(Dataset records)

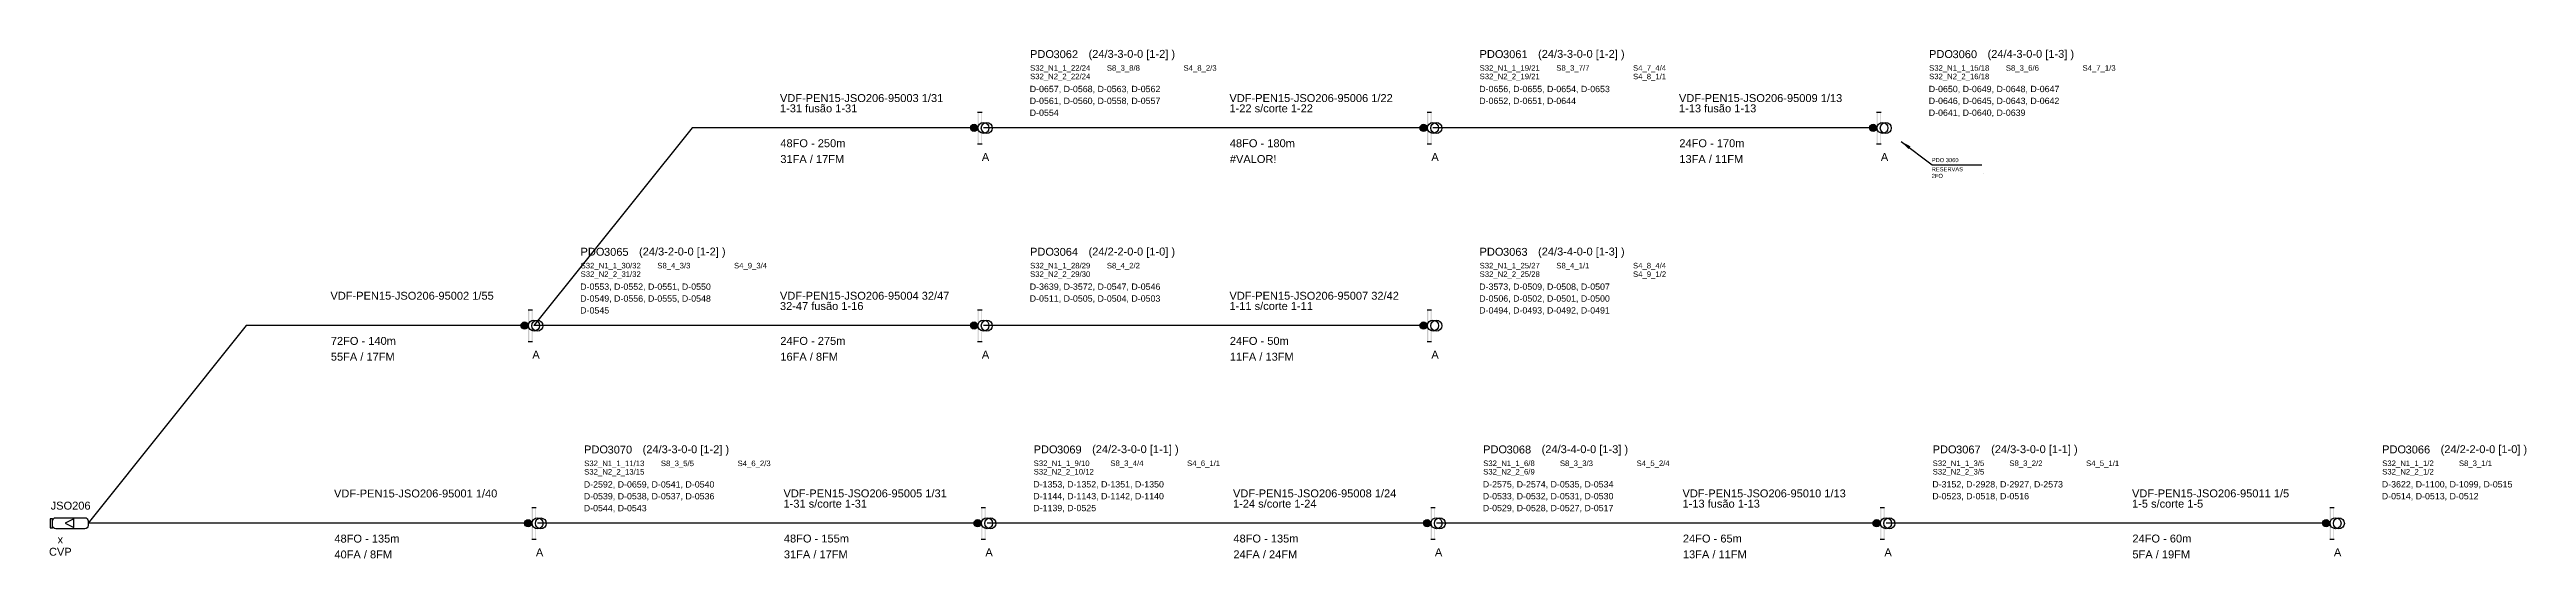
# Model space of a CAD drawing. Header units: millimetres. Extents: x 59 to 372, y 921 to 985.
import ezdxf
from ezdxf.enums import TextEntityAlignment as Align

# ---------------------------------------------------------------- set-up
doc = ezdxf.new("R2010")
doc.units = ezdxf.units.MM
doc.layers.get('0').update_dxf_attribs({"lineweight": 5})
for name, color, linetype in [('Rede Secundária RESERVAS', 1, 'Continuous'), ('SINOP_AÉREO', 1, 'AEREO2'), ('SINOP_JSFO', 1, 'Continuous'), ('SINOP_PDO', 1, 'Continuous')]:
    doc.layers.add(name, color=color, linetype=linetype)
doc.styles.add('ARIAL', font='')
doc.styles.get("Standard").update_dxf_attribs({"font": ''})
doc.styles.add('VDF', font='', dxfattribs={"height": 0.25})
doc.styles.get('ARIAL').set_extended_font_data('Arial')
doc.styles.get('Standard').set_extended_font_data('Arial')
doc.styles.get('VDF').set_extended_font_data('Arial')
doc.linetypes.add('AEREO2', pattern='A,1,-1,[6,LinesVod.shx,S=0,R=0,X=0,Y=0],-1,1', length=4)
doc.dimstyles.new('ISO-25', dxfattribs={"dimtxt": 2.5, "dimasz": 2.5, "dimexe": 1.25, "dimexo": 0.625, "dimtad": 1, "dimtxsty": 'Standard', "dimcen": 2.5, "dimadec": 0, "dimazin": 0, "dimtfac": 1, "dimtmove": 0, "dimatfit": 3, "dimfxl": 1, "dimarcsym": 0})

# ---------------------------------------------------------------- blocks, each defined once
blk = doc.blocks.new('*U37')
for points in [[(-4.5, 0.58), (-4.8, 0.58), (-4.8, -0.57), (-4.5, -0.57)], [(-1.8, 0.55), (-2.9, 0), (-1.8, -0.55)]]:
    blk.add_lwpolyline(points, close=True)
blk.add_lwpolyline([(-0.4, -0.7), (-4.1, -0.7, -0.414214), (-4.5, -0.3), (-4.5, 0.3, -0.414214), (-4.1, 0.7), (-0.4, 0.7, -0.414214), (0, 0.3), (0, -0.3, -0.414214)], format="xyb", close=True)
at = {"style": 'VDF'}
for tag, p in [('CABO_001', (-29.8, 2.6)), ('CABO_002', (-29.8, 1.3)), ('CABO_003', (-29.8, 0)), ('CABO_004', (-29.8, -1.3)), ('CABO_005', (-29.8, -2.6)), ('CABO_CAP_COP', (-29.75, -2.44)), ('FA_FM', (-29.75, -4.44))]:
    blk.add_attdef(tag, p, '', height=1, dxfattribs=at)
for tag, p in [('JSO#', (-2.21, 1.73)), ('CVP', (-3.51, -4.1)), ('M', (-3.51, -2.55))]:
    blk.add_attdef(tag, text='', height=1, dxfattribs=at).set_placement(p, align=Align.CENTER)
blk = doc.blocks.new('*U31')
blk.add_hatch(color=256).paths.add_polyline_path([(0, 0, 1), (-0.91, 0, 1)])
for p, q in [((0, 2), (0.56, 2)), ((0, -2), (0.56, -2))]:
    blk.add_line(p, q)
blk.add_circle((-0.45, 0), 0.453)
for centre in [(0.74, 0), (1.16, -0.02)]:
    blk.add_ellipse(centre, major_axis=(0, -0.695), ratio=0.99861)
for points in [[(0, 2), (0.15, 2), (0, -2), (0.15, -2)], [(0.46, -2), (0.56, -2), (0.46, 2), (0.56, 2)]]:
    blk.add_solid(points)
at = {"insert": (6.63, 9.84), "char_height": 1, "attachment_point": 1, "style": 'VDF'}
blk.add_mtext_dynamic_manual_height_columns('PDO', width=5.1324, gutter_width=12.5, heights=[0], dxfattribs=at)
at = {"style": 'VDF'}
for tag, p, height in [('JFO_PDO', (9.6, 8.82), 1), ('(CAP/N1-N2-N3-N4)', (14.03, 8.86), 1), ('PP_R', (6.59, 7.32), 0.8), ('SPLITTERS_001', (6.64, 7.23), 0.7), ('SPLITTERS_004', (6.64, 6.16), 0.7), ('FLB', (11.42, 7.32), 0.8), ('SPLITTERS_002', (16.34, 7.23), 0.7), ('SPLITTERS_005', (16.34, 6.16), 0.7), ('SPLITTERS_003', (26.04, 7.23), 0.7), ('SPLITTERS_006', (26.04, 6.15), 0.7), ('CABO_001', (-25, 3.27), 1), ('SPLITTERS_007', (6.64, 5.09), 0.7), ('SPLITTERS_008', (16.33, 5.1), 0.7), ('SPLITTERS_009', (26.03, 5.1), 0.7), ('CABO_002', (-25, 1.97), 1), ('CABO_003', (-25, 0.67), 1), ('CABO_004', (-25, -0.63), 1), ('CABO_005', (-25, -1.93), 1), ('CABO_CAP_COP', (-24.95, -2.44), 1), ('FA_FM', (-24.95, -4.44), 1)]:
    blk.add_attdef(tag, p, '', height=height, dxfattribs=at)
at = {"color": 5, "style": 'VDF'}
for tag, p in [('EDIFICIOS_001', (6.59, 4.52)), ('EDIFICIOS_002', (6.59, 3.02)), ('EDIFICIOS_003', (6.59, 1.52)), ('EDIFICIOS_004', (6.59, 0.02)), ('EDIFICIOS_005', (6.59, -1.46)), ('EDIFICIOS_006', (6.59, -2.92))]:
    blk.add_attdef(tag, p, '', height=0.8, dxfattribs=at)
at = {"style": 'VDF'}
blk.add_attdef('MODELO', text='', height=1, dxfattribs=at).set_placement((1, -4.18), align=Align.CENTER)
blk = doc.blocks.new('*U36')
blk.add_hatch(color=256).paths.add_polyline_path([(0, 0, 1), (-0.91, 0, 1)])
for p, q in [((0, 2), (0.56, 2)), ((0, -2), (0.56, -2))]:
    blk.add_line(p, q)
blk.add_circle((-0.45, 0), 0.453)
for centre in [(0.74, 0), (1.16, -0.02)]:
    blk.add_ellipse(centre, major_axis=(0, -0.695), ratio=0.99861)
for points in [[(0, 2), (0.15, 2), (0, -2), (0.15, -2)], [(0.46, -2), (0.56, -2), (0.46, 2), (0.56, 2)]]:
    blk.add_solid(points)
at = {"insert": (6.63, 9.84), "char_height": 1, "attachment_point": 1, "style": 'VDF'}
blk.add_mtext_dynamic_manual_height_columns('PDO', width=5.1324, gutter_width=12.5, heights=[0], dxfattribs=at)
at = {"style": 'VDF'}
for tag, p, height in [('JFO_PDO', (9.6, 8.82), 1), ('(CAP/N1-N2-N3-N4)', (14.03, 8.86), 1), ('PP_R', (6.59, 7.32), 0.8), ('SPLITTERS_001', (6.64, 7.23), 0.7), ('SPLITTERS_004', (6.64, 6.16), 0.7), ('FLB', (11.42, 7.32), 0.8), ('SPLITTERS_002', (16.34, 7.23), 0.7), ('SPLITTERS_005', (16.34, 6.16), 0.7), ('SPLITTERS_003', (26.04, 7.23), 0.7), ('SPLITTERS_006', (26.04, 6.15), 0.7), ('CABO_001', (-25, 3.27), 1), ('SPLITTERS_007', (6.64, 5.09), 0.7), ('SPLITTERS_008', (16.33, 5.1), 0.7), ('SPLITTERS_009', (26.03, 5.1), 0.7), ('CABO_002', (-25, 1.97), 1), ('CABO_003', (-25, 0.67), 1), ('CABO_004', (-25, -0.63), 1), ('CABO_005', (-25, -1.93), 1), ('CABO_CAP_COP', (-24.95, -2.44), 1), ('FA_FM', (-24.95, -4.44), 1)]:
    blk.add_attdef(tag, p, '', height=height, dxfattribs=at)
at = {"color": 5, "style": 'VDF'}
for tag, p in [('EDIFICIOS_001', (6.59, 4.52)), ('EDIFICIOS_002', (6.59, 3.02)), ('EDIFICIOS_003', (6.59, 1.52)), ('EDIFICIOS_004', (6.59, 0.02)), ('EDIFICIOS_005', (6.59, -1.46)), ('EDIFICIOS_006', (6.59, -2.92))]:
    blk.add_attdef(tag, p, '', height=0.8, dxfattribs=at)
at = {"style": 'VDF'}
blk.add_attdef('MODELO', text='', height=1, dxfattribs=at).set_placement((1, -4.18), align=Align.CENTER)
blk = doc.blocks.new('*U28')
blk.add_hatch(color=256).paths.add_polyline_path([(0, 0, 1), (-0.91, 0, 1)])
for p, q in [((0, 2), (0.56, 2)), ((0, -2), (0.56, -2))]:
    blk.add_line(p, q)
blk.add_circle((-0.45, 0), 0.453)
for centre in [(0.74, 0), (1.16, -0.02)]:
    blk.add_ellipse(centre, major_axis=(0, -0.695), ratio=0.99861)
for points in [[(0, 2), (0.15, 2), (0, -2), (0.15, -2)], [(0.46, -2), (0.56, -2), (0.46, 2), (0.56, 2)]]:
    blk.add_solid(points)
at = {"insert": (6.63, 9.84), "char_height": 1, "attachment_point": 1, "style": 'VDF'}
blk.add_mtext_dynamic_manual_height_columns('PDO', width=5.1324, gutter_width=12.5, heights=[0], dxfattribs=at)
at = {"style": 'VDF'}
for tag, p, height in [('JFO_PDO', (9.6, 8.82), 1), ('(CAP/N1-N2-N3-N4)', (14.03, 8.86), 1), ('PP_R', (6.59, 7.32), 0.8), ('SPLITTERS_001', (6.64, 7.23), 0.7), ('SPLITTERS_004', (6.64, 6.16), 0.7), ('FLB', (11.42, 7.32), 0.8), ('SPLITTERS_002', (16.34, 7.23), 0.7), ('SPLITTERS_005', (16.34, 6.16), 0.7), ('SPLITTERS_003', (26.04, 7.23), 0.7), ('SPLITTERS_006', (26.04, 6.15), 0.7), ('CABO_001', (-25, 3.27), 1), ('SPLITTERS_007', (6.64, 5.09), 0.7), ('SPLITTERS_008', (16.33, 5.1), 0.7), ('SPLITTERS_009', (26.03, 5.1), 0.7), ('CABO_002', (-25, 1.97), 1), ('CABO_003', (-25, 0.67), 1), ('CABO_004', (-25, -0.63), 1), ('CABO_005', (-25, -1.93), 1), ('CABO_CAP_COP', (-24.95, -2.44), 1), ('FA_FM', (-24.95, -4.44), 1)]:
    blk.add_attdef(tag, p, '', height=height, dxfattribs=at)
at = {"color": 5, "style": 'VDF'}
for tag, p in [('EDIFICIOS_001', (6.59, 4.52)), ('EDIFICIOS_002', (6.59, 3.02)), ('EDIFICIOS_003', (6.59, 1.52)), ('EDIFICIOS_004', (6.59, 0.02)), ('EDIFICIOS_005', (6.59, -1.46)), ('EDIFICIOS_006', (6.59, -2.92))]:
    blk.add_attdef(tag, p, '', height=0.8, dxfattribs=at)
at = {"style": 'VDF'}
blk.add_attdef('MODELO', text='', height=1, dxfattribs=at).set_placement((1, -4.18), align=Align.CENTER)
blk = doc.blocks.new('*U29')
blk.add_hatch(color=256).paths.add_polyline_path([(0, 0, 1), (-0.91, 0, 1)])
for p, q in [((0, 2), (0.56, 2)), ((0, -2), (0.56, -2))]:
    blk.add_line(p, q)
blk.add_circle((-0.45, 0), 0.453)
for centre in [(0.74, 0), (1.16, -0.02)]:
    blk.add_ellipse(centre, major_axis=(0, -0.695), ratio=0.99861)
for points in [[(0, 2), (0.15, 2), (0, -2), (0.15, -2)], [(0.46, -2), (0.56, -2), (0.46, 2), (0.56, 2)]]:
    blk.add_solid(points)
at = {"insert": (6.63, 9.84), "char_height": 1, "attachment_point": 1, "style": 'VDF'}
blk.add_mtext_dynamic_manual_height_columns('PDO', width=5.1324, gutter_width=12.5, heights=[0], dxfattribs=at)
at = {"style": 'VDF'}
for tag, p, height in [('JFO_PDO', (9.6, 8.82), 1), ('(CAP/N1-N2-N3-N4)', (14.03, 8.86), 1), ('PP_R', (6.59, 7.32), 0.8), ('SPLITTERS_001', (6.64, 7.23), 0.7), ('SPLITTERS_004', (6.64, 6.16), 0.7), ('FLB', (11.42, 7.32), 0.8), ('SPLITTERS_002', (16.34, 7.23), 0.7), ('SPLITTERS_005', (16.34, 6.16), 0.7), ('SPLITTERS_003', (26.04, 7.23), 0.7), ('SPLITTERS_006', (26.04, 6.15), 0.7), ('CABO_001', (-25, 3.27), 1), ('SPLITTERS_007', (6.64, 5.09), 0.7), ('SPLITTERS_008', (16.33, 5.1), 0.7), ('SPLITTERS_009', (26.03, 5.1), 0.7), ('CABO_002', (-25, 1.97), 1), ('CABO_003', (-25, 0.67), 1), ('CABO_004', (-25, -0.63), 1), ('CABO_005', (-25, -1.93), 1), ('CABO_CAP_COP', (-24.95, -2.44), 1), ('FA_FM', (-24.95, -4.44), 1)]:
    blk.add_attdef(tag, p, '', height=height, dxfattribs=at)
at = {"color": 5, "style": 'VDF'}
for tag, p in [('EDIFICIOS_001', (6.59, 4.52)), ('EDIFICIOS_002', (6.59, 3.02)), ('EDIFICIOS_003', (6.59, 1.52)), ('EDIFICIOS_004', (6.59, 0.02)), ('EDIFICIOS_005', (6.59, -1.46)), ('EDIFICIOS_006', (6.59, -2.92))]:
    blk.add_attdef(tag, p, '', height=0.8, dxfattribs=at)
at = {"style": 'VDF'}
blk.add_attdef('MODELO', text='', height=1, dxfattribs=at).set_placement((1, -4.18), align=Align.CENTER)
blk = doc.blocks.new('*U30')
blk.add_hatch(color=256).paths.add_polyline_path([(0, 0, 1), (-0.91, 0, 1)])
for p, q in [((0, 2), (0.56, 2)), ((0, -2), (0.56, -2))]:
    blk.add_line(p, q)
blk.add_circle((-0.45, 0), 0.453)
for centre in [(0.74, 0), (1.16, -0.02)]:
    blk.add_ellipse(centre, major_axis=(0, -0.695), ratio=0.99861)
for points in [[(0, 2), (0.15, 2), (0, -2), (0.15, -2)], [(0.46, -2), (0.56, -2), (0.46, 2), (0.56, 2)]]:
    blk.add_solid(points)
at = {"insert": (6.63, 9.84), "char_height": 1, "attachment_point": 1, "style": 'VDF'}
blk.add_mtext_dynamic_manual_height_columns('PDO', width=5.1324, gutter_width=12.5, heights=[0], dxfattribs=at)
at = {"style": 'VDF'}
for tag, p, height in [('JFO_PDO', (9.6, 8.82), 1), ('(CAP/N1-N2-N3-N4)', (14.03, 8.86), 1), ('PP_R', (6.59, 7.32), 0.8), ('SPLITTERS_001', (6.64, 7.23), 0.7), ('SPLITTERS_004', (6.64, 6.16), 0.7), ('FLB', (11.42, 7.32), 0.8), ('SPLITTERS_002', (16.34, 7.23), 0.7), ('SPLITTERS_005', (16.34, 6.16), 0.7), ('SPLITTERS_003', (26.04, 7.23), 0.7), ('SPLITTERS_006', (26.04, 6.15), 0.7), ('CABO_001', (-25, 3.27), 1), ('SPLITTERS_007', (6.64, 5.09), 0.7), ('SPLITTERS_008', (16.33, 5.1), 0.7), ('SPLITTERS_009', (26.03, 5.1), 0.7), ('CABO_002', (-25, 1.97), 1), ('CABO_003', (-25, 0.67), 1), ('CABO_004', (-25, -0.63), 1), ('CABO_005', (-25, -1.93), 1), ('CABO_CAP_COP', (-24.95, -2.44), 1), ('FA_FM', (-24.95, -4.44), 1)]:
    blk.add_attdef(tag, p, '', height=height, dxfattribs=at)
at = {"color": 5, "style": 'VDF'}
for tag, p in [('EDIFICIOS_001', (6.59, 4.52)), ('EDIFICIOS_002', (6.59, 3.02)), ('EDIFICIOS_003', (6.59, 1.52)), ('EDIFICIOS_004', (6.59, 0.02)), ('EDIFICIOS_005', (6.59, -1.46)), ('EDIFICIOS_006', (6.59, -2.92))]:
    blk.add_attdef(tag, p, '', height=0.8, dxfattribs=at)
at = {"style": 'VDF'}
blk.add_attdef('MODELO', text='', height=1, dxfattribs=at).set_placement((1, -4.18), align=Align.CENTER)
blk = doc.blocks.new('*U34')
blk.add_hatch(color=256).paths.add_polyline_path([(0, 0, 1), (-0.91, 0, 1)])
for p, q in [((0, 2), (0.56, 2)), ((0, -2), (0.56, -2))]:
    blk.add_line(p, q)
blk.add_circle((-0.45, 0), 0.453)
for centre in [(0.74, 0), (1.16, -0.02)]:
    blk.add_ellipse(centre, major_axis=(0, -0.695), ratio=0.99861)
for points in [[(0, 2), (0.15, 2), (0, -2), (0.15, -2)], [(0.46, -2), (0.56, -2), (0.46, 2), (0.56, 2)]]:
    blk.add_solid(points)
at = {"insert": (6.63, 9.84), "char_height": 1, "attachment_point": 1, "style": 'VDF'}
blk.add_mtext_dynamic_manual_height_columns('PDO', width=5.1324, gutter_width=12.5, heights=[0], dxfattribs=at)
at = {"style": 'VDF'}
for tag, p, height in [('JFO_PDO', (9.6, 8.82), 1), ('(CAP/N1-N2-N3-N4)', (14.03, 8.86), 1), ('PP_R', (6.59, 7.32), 0.8), ('SPLITTERS_001', (6.64, 7.23), 0.7), ('SPLITTERS_004', (6.64, 6.16), 0.7), ('FLB', (11.42, 7.32), 0.8), ('SPLITTERS_002', (16.34, 7.23), 0.7), ('SPLITTERS_005', (16.34, 6.16), 0.7), ('SPLITTERS_003', (26.04, 7.23), 0.7), ('SPLITTERS_006', (26.04, 6.15), 0.7), ('CABO_001', (-25, 3.27), 1), ('SPLITTERS_007', (6.64, 5.09), 0.7), ('SPLITTERS_008', (16.33, 5.1), 0.7), ('SPLITTERS_009', (26.03, 5.1), 0.7), ('CABO_002', (-25, 1.97), 1), ('CABO_003', (-25, 0.67), 1), ('CABO_004', (-25, -0.63), 1), ('CABO_005', (-25, -1.93), 1), ('CABO_CAP_COP', (-24.95, -2.44), 1), ('FA_FM', (-24.95, -4.44), 1)]:
    blk.add_attdef(tag, p, '', height=height, dxfattribs=at)
at = {"color": 5, "style": 'VDF'}
for tag, p in [('EDIFICIOS_001', (6.59, 4.52)), ('EDIFICIOS_002', (6.59, 3.02)), ('EDIFICIOS_003', (6.59, 1.52)), ('EDIFICIOS_004', (6.59, 0.02)), ('EDIFICIOS_005', (6.59, -1.46)), ('EDIFICIOS_006', (6.59, -2.92))]:
    blk.add_attdef(tag, p, '', height=0.8, dxfattribs=at)
at = {"style": 'VDF'}
blk.add_attdef('MODELO', text='', height=1, dxfattribs=at).set_placement((1, -4.18), align=Align.CENTER)
blk = doc.blocks.new('*U35')
blk.add_hatch(color=256).paths.add_polyline_path([(0, 0, 1), (-0.91, 0, 1)])
for p, q in [((0, 2), (0.56, 2)), ((0, -2), (0.56, -2))]:
    blk.add_line(p, q)
blk.add_circle((-0.45, 0), 0.453)
for centre in [(0.74, 0), (1.16, -0.02)]:
    blk.add_ellipse(centre, major_axis=(0, -0.695), ratio=0.99861)
for points in [[(0, 2), (0.15, 2), (0, -2), (0.15, -2)], [(0.46, -2), (0.56, -2), (0.46, 2), (0.56, 2)]]:
    blk.add_solid(points)
at = {"insert": (6.63, 9.84), "char_height": 1, "attachment_point": 1, "style": 'VDF'}
blk.add_mtext_dynamic_manual_height_columns('PDO', width=5.1324, gutter_width=12.5, heights=[0], dxfattribs=at)
at = {"style": 'VDF'}
for tag, p, height in [('JFO_PDO', (9.6, 8.82), 1), ('(CAP/N1-N2-N3-N4)', (14.03, 8.86), 1), ('PP_R', (6.59, 7.32), 0.8), ('SPLITTERS_001', (6.64, 7.23), 0.7), ('SPLITTERS_004', (6.64, 6.16), 0.7), ('FLB', (11.42, 7.32), 0.8), ('SPLITTERS_002', (16.34, 7.23), 0.7), ('SPLITTERS_005', (16.34, 6.16), 0.7), ('SPLITTERS_003', (26.04, 7.23), 0.7), ('SPLITTERS_006', (26.04, 6.15), 0.7), ('CABO_001', (-25, 3.27), 1), ('SPLITTERS_007', (6.64, 5.09), 0.7), ('SPLITTERS_008', (16.33, 5.1), 0.7), ('SPLITTERS_009', (26.03, 5.1), 0.7), ('CABO_002', (-25, 1.97), 1), ('CABO_003', (-25, 0.67), 1), ('CABO_004', (-25, -0.63), 1), ('CABO_005', (-25, -1.93), 1), ('CABO_CAP_COP', (-24.95, -2.44), 1), ('FA_FM', (-24.95, -4.44), 1)]:
    blk.add_attdef(tag, p, '', height=height, dxfattribs=at)
at = {"color": 5, "style": 'VDF'}
for tag, p in [('EDIFICIOS_001', (6.59, 4.52)), ('EDIFICIOS_002', (6.59, 3.02)), ('EDIFICIOS_003', (6.59, 1.52)), ('EDIFICIOS_004', (6.59, 0.02)), ('EDIFICIOS_005', (6.59, -1.46)), ('EDIFICIOS_006', (6.59, -2.92))]:
    blk.add_attdef(tag, p, '', height=0.8, dxfattribs=at)
at = {"style": 'VDF'}
blk.add_attdef('MODELO', text='', height=1, dxfattribs=at).set_placement((1, -4.18), align=Align.CENTER)
blk = doc.blocks.new('*U25')
blk.add_hatch(color=256).paths.add_polyline_path([(0, 0, 1), (-0.91, 0, 1)])
for p, q in [((0, 2), (0.56, 2)), ((0, -2), (0.56, -2))]:
    blk.add_line(p, q)
blk.add_circle((-0.45, 0), 0.453)
for centre in [(0.74, 0), (1.16, -0.02)]:
    blk.add_ellipse(centre, major_axis=(0, -0.695), ratio=0.99861)
for points in [[(0, 2), (0.15, 2), (0, -2), (0.15, -2)], [(0.46, -2), (0.56, -2), (0.46, 2), (0.56, 2)]]:
    blk.add_solid(points)
at = {"insert": (6.63, 9.84), "char_height": 1, "attachment_point": 1, "style": 'VDF'}
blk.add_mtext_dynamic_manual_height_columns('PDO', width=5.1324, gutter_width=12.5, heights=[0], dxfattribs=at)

### PROBLEM:
Among the lines above, return those that contain the string "blocks".

### EXERCISE OUTPUT:
# ---------------------------------------------------------------- blocks, each defined once
blk = doc.blocks.new('*U37')
blk = doc.blocks.new('*U31')
blk = doc.blocks.new('*U36')
blk = doc.blocks.new('*U28')
blk = doc.blocks.new('*U29')
blk = doc.blocks.new('*U30')
blk = doc.blocks.new('*U34')
blk = doc.blocks.new('*U35')
blk = doc.blocks.new('*U25')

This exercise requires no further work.